**WHAT TO PRODUCE:**
Repeat only the lines from the one holding "note: d/dt(i)" down to the last line of the listing below, including both of those lines.

** Opening DATA IN THIS EXERCISE block **

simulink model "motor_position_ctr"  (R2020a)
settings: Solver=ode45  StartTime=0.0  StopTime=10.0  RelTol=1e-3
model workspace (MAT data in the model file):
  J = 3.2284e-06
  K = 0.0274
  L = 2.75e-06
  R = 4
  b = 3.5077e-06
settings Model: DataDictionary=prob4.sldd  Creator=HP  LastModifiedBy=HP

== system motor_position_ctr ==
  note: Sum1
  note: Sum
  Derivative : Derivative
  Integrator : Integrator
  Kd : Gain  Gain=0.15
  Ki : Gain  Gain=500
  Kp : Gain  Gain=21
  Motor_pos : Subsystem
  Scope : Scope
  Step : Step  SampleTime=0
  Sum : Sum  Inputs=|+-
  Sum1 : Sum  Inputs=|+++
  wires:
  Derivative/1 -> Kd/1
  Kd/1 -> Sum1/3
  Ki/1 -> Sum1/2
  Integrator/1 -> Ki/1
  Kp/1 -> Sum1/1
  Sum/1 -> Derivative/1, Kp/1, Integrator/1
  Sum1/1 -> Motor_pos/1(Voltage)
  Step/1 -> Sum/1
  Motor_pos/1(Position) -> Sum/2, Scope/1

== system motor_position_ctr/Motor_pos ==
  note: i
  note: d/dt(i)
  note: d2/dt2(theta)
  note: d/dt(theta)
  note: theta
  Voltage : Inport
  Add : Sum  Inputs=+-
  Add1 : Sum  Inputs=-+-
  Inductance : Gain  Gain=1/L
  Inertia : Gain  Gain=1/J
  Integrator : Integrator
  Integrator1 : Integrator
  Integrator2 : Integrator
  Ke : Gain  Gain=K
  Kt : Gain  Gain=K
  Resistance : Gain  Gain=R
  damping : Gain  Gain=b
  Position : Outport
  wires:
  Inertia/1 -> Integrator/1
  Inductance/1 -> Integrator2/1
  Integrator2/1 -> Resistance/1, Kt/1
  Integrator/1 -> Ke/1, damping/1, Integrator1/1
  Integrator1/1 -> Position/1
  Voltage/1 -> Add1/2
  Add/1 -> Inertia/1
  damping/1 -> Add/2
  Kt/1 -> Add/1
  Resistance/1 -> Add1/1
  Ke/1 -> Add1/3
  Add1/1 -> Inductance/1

** Closing DATA IN THIS EXERCISE block **

**EXERCISE SOLUTION:**
  note: d/dt(i)
  note: d2/dt2(theta)
  note: d/dt(theta)
  note: theta
  Voltage : Inport
  Add : Sum  Inputs=+-
  Add1 : Sum  Inputs=-+-
  Inductance : Gain  Gain=1/L
  Inertia : Gain  Gain=1/J
  Integrator : Integrator
  Integrator1 : Integrator
  Integrator2 : Integrator
  Ke : Gain  Gain=K
  Kt : Gain  Gain=K
  Resistance : Gain  Gain=R
  damping : Gain  Gain=b
  Position : Outport
  wires:
  Inertia/1 -> Integrator/1
  Inductance/1 -> Integrator2/1
  Integrator2/1 -> Resistance/1, Kt/1
  Integrator/1 -> Ke/1, damping/1, Integrator1/1
  Integrator1/1 -> Position/1
  Voltage/1 -> Add1/2
  Add/1 -> Inertia/1
  damping/1 -> Add/2
  Kt/1 -> Add/1
  Resistance/1 -> Add1/1
  Ke/1 -> Add1/3
  Add1/1 -> Inductance/1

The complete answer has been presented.